# Frustrated with NBR and guide data



## adv_dp_fan (Sep 5, 2004)

Argh, I missed an ep of a show this last Friday because of the way Dish handles "new" episodes. I notice it hadn't recorded and the next episode wasn't marked to record either even though these are new episodes so I checked the history. Skipped because episode isn't new is what it said. Well the episode discription says "new" and I know these are new episodes so what's wrong? Then I notice the guide data which says "new" also lists the year as 2005, thus the 522 thinks it's not a new episode since this is 2006. Had to change it to record ALL episodes now. Welcome to NBR hell.


----------



## Ddavis (Jan 15, 2004)

Let me guess, Stargate Atlantis? I noticed this in time to do the restore. Sorry for your misfortune.

Doug


----------



## adv_dp_fan (Sep 5, 2004)

Ddavis said:


> Let me guess, Stargate Atlantis? I noticed this in time to do the restore. Sorry for your misfortune.
> 
> Doug


You win the cookie. I was out of town so didn't notice until I returned. Now I've missed an ep.


----------



## Stewart Vernon (Jan 7, 2005)

I feel your pain, so to speak... but I wonder just how Dish could possibly make a receiver work 100% of the time in these situations, when they are inherently dependent on the content of the EPG information from a 3rd party.

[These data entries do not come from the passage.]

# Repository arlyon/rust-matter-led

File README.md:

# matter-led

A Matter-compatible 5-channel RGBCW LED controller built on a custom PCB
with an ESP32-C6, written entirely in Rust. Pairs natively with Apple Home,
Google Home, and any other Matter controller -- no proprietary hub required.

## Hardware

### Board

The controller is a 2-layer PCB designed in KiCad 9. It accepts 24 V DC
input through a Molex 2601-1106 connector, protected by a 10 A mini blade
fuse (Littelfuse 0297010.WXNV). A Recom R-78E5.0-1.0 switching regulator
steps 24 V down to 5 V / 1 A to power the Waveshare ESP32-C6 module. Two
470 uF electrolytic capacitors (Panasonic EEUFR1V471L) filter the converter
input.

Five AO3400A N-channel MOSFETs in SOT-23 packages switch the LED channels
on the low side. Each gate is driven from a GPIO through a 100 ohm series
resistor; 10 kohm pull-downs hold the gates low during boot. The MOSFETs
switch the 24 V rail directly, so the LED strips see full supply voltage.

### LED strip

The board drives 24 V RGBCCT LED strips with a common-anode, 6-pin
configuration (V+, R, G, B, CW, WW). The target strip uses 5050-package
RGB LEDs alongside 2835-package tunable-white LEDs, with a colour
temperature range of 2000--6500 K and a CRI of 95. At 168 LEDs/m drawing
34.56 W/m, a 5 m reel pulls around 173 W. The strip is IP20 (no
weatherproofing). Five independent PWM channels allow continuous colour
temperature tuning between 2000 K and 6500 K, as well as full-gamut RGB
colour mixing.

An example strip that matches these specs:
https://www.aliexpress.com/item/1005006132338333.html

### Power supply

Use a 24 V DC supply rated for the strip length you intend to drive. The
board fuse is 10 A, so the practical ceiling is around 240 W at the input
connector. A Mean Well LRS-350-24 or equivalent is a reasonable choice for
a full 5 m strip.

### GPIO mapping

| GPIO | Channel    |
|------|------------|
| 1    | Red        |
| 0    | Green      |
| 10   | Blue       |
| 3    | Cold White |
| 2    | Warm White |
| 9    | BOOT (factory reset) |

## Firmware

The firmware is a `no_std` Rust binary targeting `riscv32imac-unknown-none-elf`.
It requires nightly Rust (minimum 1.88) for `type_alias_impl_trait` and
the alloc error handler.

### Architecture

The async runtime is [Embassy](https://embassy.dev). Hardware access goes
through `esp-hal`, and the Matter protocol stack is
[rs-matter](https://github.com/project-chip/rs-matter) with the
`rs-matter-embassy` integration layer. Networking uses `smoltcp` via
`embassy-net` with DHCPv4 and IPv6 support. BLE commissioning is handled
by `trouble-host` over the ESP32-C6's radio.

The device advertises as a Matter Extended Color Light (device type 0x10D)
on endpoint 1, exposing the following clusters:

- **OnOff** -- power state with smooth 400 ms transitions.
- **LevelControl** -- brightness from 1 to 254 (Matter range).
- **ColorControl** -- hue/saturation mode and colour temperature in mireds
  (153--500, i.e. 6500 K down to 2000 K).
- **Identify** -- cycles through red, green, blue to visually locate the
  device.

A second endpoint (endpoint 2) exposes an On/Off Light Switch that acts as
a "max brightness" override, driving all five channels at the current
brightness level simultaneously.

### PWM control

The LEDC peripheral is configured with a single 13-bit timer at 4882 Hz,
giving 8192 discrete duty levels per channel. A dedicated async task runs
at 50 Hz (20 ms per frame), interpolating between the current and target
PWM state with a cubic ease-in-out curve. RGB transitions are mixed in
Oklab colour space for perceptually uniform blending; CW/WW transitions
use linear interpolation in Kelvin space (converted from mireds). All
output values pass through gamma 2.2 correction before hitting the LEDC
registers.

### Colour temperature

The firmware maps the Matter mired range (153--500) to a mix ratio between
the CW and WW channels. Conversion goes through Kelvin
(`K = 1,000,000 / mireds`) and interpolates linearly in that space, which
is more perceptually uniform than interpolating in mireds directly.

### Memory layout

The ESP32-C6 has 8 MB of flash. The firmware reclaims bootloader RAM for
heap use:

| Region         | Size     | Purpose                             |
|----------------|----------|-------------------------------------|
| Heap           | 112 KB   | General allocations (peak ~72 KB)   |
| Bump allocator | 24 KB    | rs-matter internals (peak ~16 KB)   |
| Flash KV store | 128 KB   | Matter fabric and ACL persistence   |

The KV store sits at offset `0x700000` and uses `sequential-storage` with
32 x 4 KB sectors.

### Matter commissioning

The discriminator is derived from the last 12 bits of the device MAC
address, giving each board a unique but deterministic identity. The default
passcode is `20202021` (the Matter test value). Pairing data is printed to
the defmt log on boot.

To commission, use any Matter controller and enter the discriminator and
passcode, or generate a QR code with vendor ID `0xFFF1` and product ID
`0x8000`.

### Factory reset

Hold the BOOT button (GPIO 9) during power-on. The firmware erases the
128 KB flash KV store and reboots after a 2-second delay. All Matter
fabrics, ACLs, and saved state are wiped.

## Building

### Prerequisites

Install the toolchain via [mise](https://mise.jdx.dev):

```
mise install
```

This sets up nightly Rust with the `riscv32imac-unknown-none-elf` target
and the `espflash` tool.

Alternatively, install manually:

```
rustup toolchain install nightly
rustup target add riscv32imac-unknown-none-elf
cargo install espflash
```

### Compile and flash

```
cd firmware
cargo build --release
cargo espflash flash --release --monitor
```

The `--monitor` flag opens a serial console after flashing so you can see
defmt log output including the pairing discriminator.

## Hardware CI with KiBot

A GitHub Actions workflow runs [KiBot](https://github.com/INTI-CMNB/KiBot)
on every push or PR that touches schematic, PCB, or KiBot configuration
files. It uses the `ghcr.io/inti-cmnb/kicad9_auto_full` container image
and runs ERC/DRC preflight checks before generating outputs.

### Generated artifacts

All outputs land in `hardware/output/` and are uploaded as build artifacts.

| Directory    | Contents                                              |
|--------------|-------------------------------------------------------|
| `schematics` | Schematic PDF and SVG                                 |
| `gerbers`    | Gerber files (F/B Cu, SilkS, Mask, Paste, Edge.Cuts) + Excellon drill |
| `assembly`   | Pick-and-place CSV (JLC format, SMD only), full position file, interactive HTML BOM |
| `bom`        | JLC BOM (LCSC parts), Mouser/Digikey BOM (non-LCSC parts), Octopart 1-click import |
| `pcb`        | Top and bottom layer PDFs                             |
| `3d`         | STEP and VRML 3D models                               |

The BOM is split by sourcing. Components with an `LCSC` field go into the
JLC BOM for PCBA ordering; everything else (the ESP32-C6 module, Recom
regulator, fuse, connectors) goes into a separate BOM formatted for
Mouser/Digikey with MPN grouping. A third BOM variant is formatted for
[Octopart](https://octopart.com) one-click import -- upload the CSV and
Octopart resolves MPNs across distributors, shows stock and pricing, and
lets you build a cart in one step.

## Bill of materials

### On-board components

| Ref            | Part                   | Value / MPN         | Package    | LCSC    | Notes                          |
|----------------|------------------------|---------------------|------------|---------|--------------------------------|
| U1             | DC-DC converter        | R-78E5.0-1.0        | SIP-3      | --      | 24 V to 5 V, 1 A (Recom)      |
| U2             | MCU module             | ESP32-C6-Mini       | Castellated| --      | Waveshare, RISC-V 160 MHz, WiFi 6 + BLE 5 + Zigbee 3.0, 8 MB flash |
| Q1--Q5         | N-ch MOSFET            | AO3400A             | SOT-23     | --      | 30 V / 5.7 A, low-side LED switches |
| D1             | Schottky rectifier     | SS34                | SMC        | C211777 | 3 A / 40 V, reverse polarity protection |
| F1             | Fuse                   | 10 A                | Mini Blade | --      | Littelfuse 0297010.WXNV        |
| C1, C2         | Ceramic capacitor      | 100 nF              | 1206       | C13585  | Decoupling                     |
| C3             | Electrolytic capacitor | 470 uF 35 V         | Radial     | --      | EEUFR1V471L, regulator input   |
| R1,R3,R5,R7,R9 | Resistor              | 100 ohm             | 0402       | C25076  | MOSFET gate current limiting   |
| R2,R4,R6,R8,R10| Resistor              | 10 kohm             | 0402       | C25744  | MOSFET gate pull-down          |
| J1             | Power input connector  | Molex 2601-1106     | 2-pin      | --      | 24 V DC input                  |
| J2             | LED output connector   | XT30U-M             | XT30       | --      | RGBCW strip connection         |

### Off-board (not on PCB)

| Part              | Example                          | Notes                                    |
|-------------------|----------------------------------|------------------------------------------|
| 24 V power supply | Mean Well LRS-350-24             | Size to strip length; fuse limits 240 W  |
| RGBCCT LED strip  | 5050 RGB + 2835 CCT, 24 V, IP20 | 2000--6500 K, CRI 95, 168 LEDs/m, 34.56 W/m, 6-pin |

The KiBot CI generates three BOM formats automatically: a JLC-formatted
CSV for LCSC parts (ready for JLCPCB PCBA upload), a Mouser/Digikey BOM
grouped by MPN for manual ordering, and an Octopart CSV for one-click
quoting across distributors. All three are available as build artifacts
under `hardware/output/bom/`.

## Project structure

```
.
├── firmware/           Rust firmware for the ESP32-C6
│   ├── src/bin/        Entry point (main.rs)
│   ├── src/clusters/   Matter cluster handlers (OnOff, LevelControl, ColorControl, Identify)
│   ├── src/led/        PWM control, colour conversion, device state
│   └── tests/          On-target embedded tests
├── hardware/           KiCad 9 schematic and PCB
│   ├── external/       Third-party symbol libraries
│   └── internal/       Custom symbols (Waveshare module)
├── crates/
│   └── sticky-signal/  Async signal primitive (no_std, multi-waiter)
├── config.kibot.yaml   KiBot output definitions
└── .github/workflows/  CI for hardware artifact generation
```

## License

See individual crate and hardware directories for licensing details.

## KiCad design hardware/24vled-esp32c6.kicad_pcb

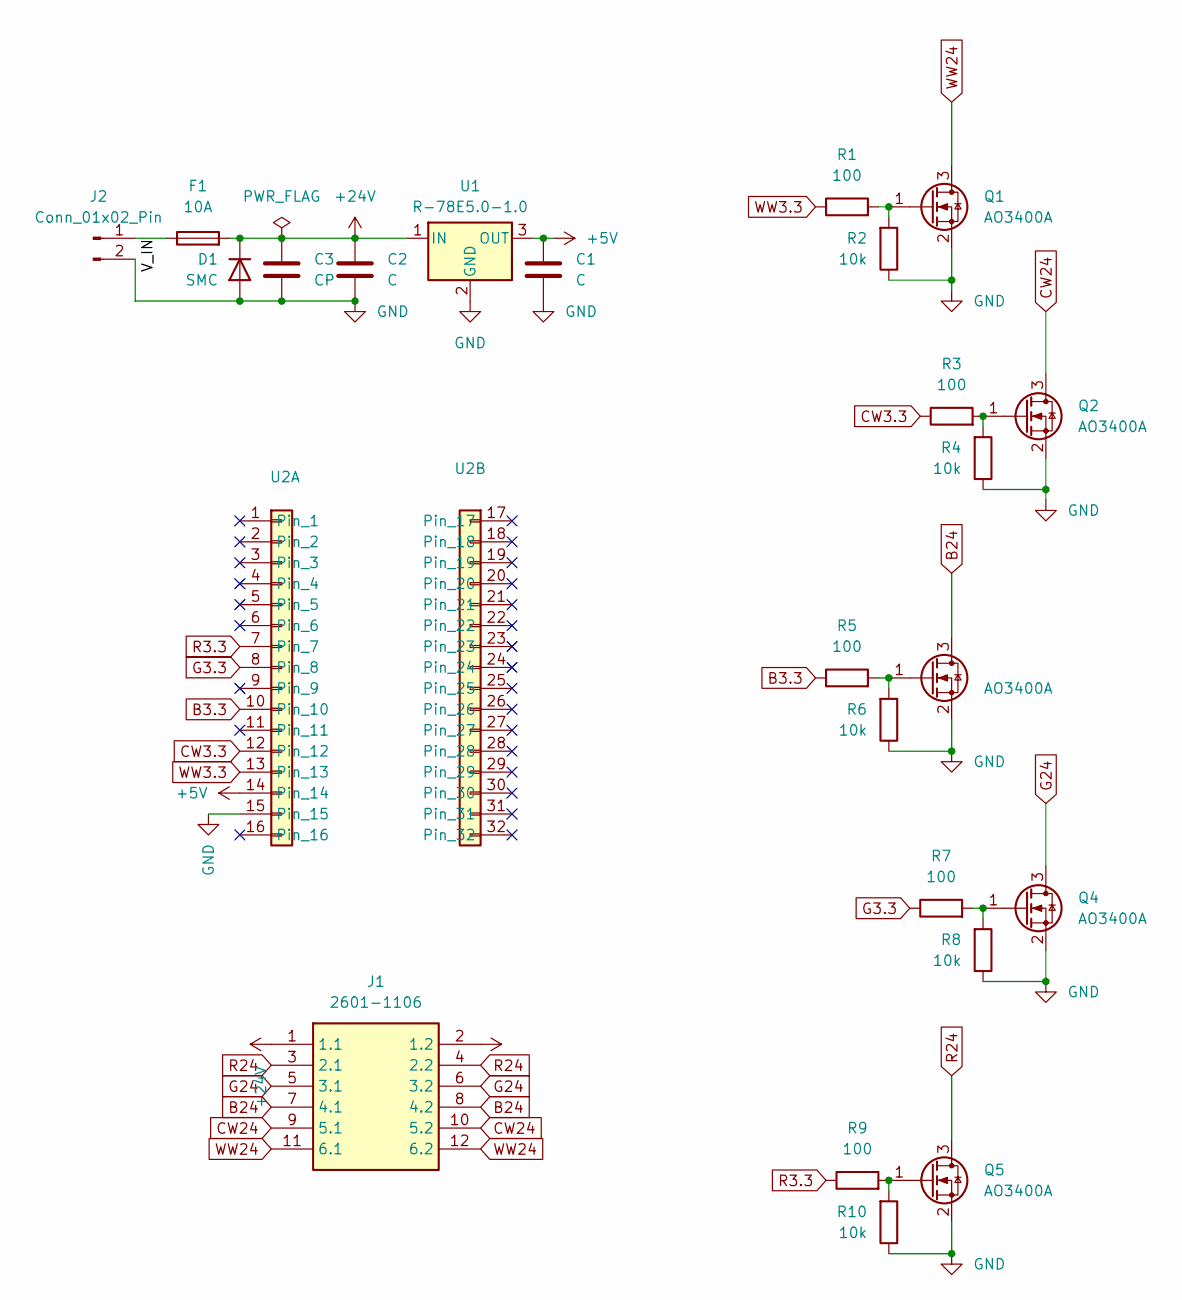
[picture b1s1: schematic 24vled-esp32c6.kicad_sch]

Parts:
C1, C2: C; C_1206_3216Metric; LCSC C13585
C3: CP; CP_Radial_D8.0mm_P3.50mm
D1: SMC; D_SMC; LCSC C211777
F1: 10A; Fuse_Blade_Mini_directSolder
J1: 2601-1106; 26011106; Manufacturer_Part_Number 2601-1106
J2: Conn_01x02_Pin; AMASS_XT30U-M_1x02_P5.0mm_Vertical
Q1, Q2, Q3, Q4, Q5: AO3400A; SOT-23
R1, R3, R5, R7, R9: 100; R_0402_1005Metric; LCSC C25076
R2, R4, R6, R8, R10: 10k; R_0402_1005Metric; LCSC C25744
U1: R-78E5.0-1.0; Converter_DCDC_RECOM_R-78E-0.5_THT
U2: Waveshare ESP32c6

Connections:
+5V: C1.1, U1.3 (OUT), U2.14
+24V: C2.1, C3.1, D1.1 (K), F1.2, J1.1 (1.1), J1.2 (1.2), U1.1 (IN)
/V_IN: F1.1, J2.1
B3.3: R5.1, U2.10
B24: J1.7 (4.1), J1.8 (4.2), Q3.3 (D)
CW3.3: R3.1, U2.12
CW24: J1.9 (5.1), J1.10 (5.2), Q2.3 (D)
G3.3: R7.1, U2.8
G24: J1.5 (3.1), J1.6 (3.2), Q4.3 (D)
GND: C1.2, C2.2, C3.2, D1.2 (A), J2.2, Q1.2 (S), Q2.2 (S), Q3.2 (S), Q4.2 (S), Q5.2 (S), R2.1, R4.1, R6.1, R8.1, R10.1, U1.2 (GND), U2.15
unnamed: Q1.1 (G), R1.2, R2.2
unnamed: Q2.1 (G), R3.2, R4.2
unnamed: Q3.1 (G), R5.2, R6.2
unnamed: Q4.1 (G), R7.2, R8.2
unnamed: Q5.1 (G), R9.2, R10.2
R3.3: R9.1, U2.7
R24: J1.3 (2.1), J1.4 (2.2), Q5.3 (D)
WW3.3: R1.1, U2.13
WW24: J1.11 (6.1), J1.12 (6.2), Q1.3 (D)

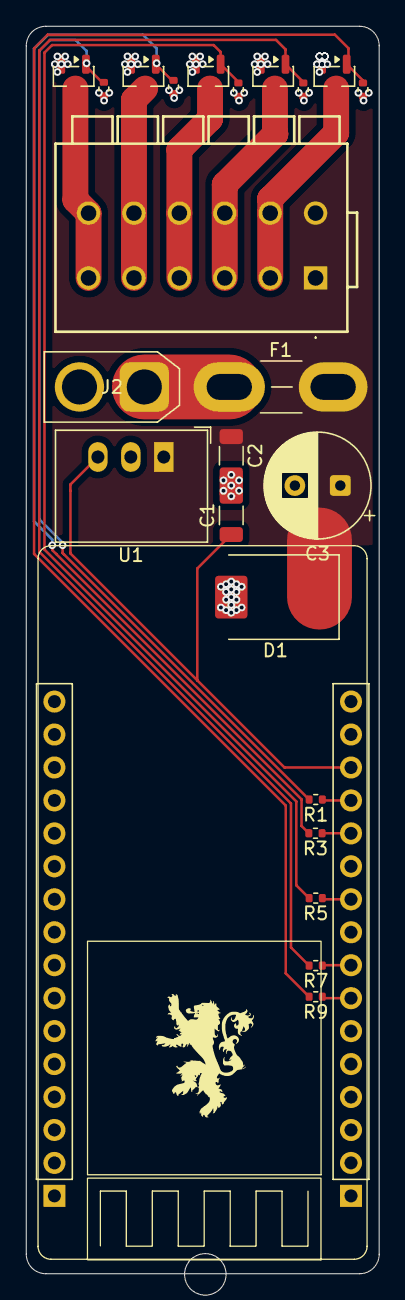
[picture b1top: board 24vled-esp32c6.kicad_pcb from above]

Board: 2 copper layers, 27.2 x 96.1 mm, 24 parts (0 on the bottom side), 19 nets.

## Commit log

2025-10-24 Added raw files for cleaning and project setup
2025-10-24 move to hw folder
2025-10-24 add esp32c6 template
2025-10-24 checkpoint
2025-10-24 firmware
2025-10-26 hardware v1
2025-10-27 hardware v2
2025-10-27 its working!!!
2025-10-31 add lib loader and bump deps
2025-10-31 move code into lib
2025-11-01 more refactor, get matter pair working
2025-11-05 add kibot
2025-11-05 fix schematic warnings and kibot
2025-11-05 fix all pcb warnings and use larger resistors
2025-11-05 dont use separate files
2025-11-05 update pages
2025-11-05 jlc formatting for bom and pick-n-place
2026-02-15 add the large cap and remove the flyback diodes
2026-02-15 final version!
2026-02-15 fix warnings and add part numbers
2026-02-15 update part number
2026-02-15 add some more part numbers
2026-02-15 change to 3.5mm file
2026-02-15 add m.2 style cutout
2026-02-15 ignore edge cut violation
2026-02-15 replace with npth for financial reasons
2026-02-16 get rid of copper
2026-02-16 add octopart bom generation
2026-02-16 remove check
2026-02-16 fix filters
2026-02-16 fix columns
2026-02-16 add bom parts
2026-02-16 some kibot fixes
2026-02-16 add fuse and fix filtering
2026-02-17 impl full matter commissioning for basic light
2026-02-17 working!
2026-02-17 get a handle on memory usage
2026-02-17 update embassy deps
2026-02-17 add additional declarations and stub impls
2026-02-18 some more impl
2026-03-10 stable pairing code
2026-03-11 integrate basic (broken) PWM
2026-03-11 switch to LEDC
2026-03-11 identify command
2026-03-11 fix broken timers
2026-03-11 impl CCCW RGB + brightness control
2026-03-11 perceptual lerp
2026-03-11 stub out more settings and improve the hsv / temp calculations
2026-03-11 MAX BRIGHTNESS mode and some ergonomics
    - 13 bit duty + 4.8khz
    - on/off fading animations
    - gamma correction
    - oklab color space
2026-05-13 add readme

I know a lot of shows the EPG information is wrong or doesn't contain 100% correct information.

If Dish has to make decisions on what is new based on the content saying "new" and also doing year comparisions with the current date and the date in the EPG content... I bet we are going to always see potential for these kinds of glitches.

I know that when I'm home and I've set something to record, I feel better if I walk into the other room and actually see the record light on... but if I was away when it recorded (or rather didn't record) I guess I'd be in your boat too!


----------



## n0qcu (Mar 23, 2002)

They need to add "new" to their software to determine if it's new.

new is new no mater what the year.


----------



## Stewart Vernon (Jan 7, 2005)

n0qcu said:


> They need to add "new" to their software to determine if it's new.
> 
> new is new no mater what the year.


I wonder what happens in a scenario like this example program description:

The One About Cable - The gang gets a new cable hookup and chaos ensues (2006)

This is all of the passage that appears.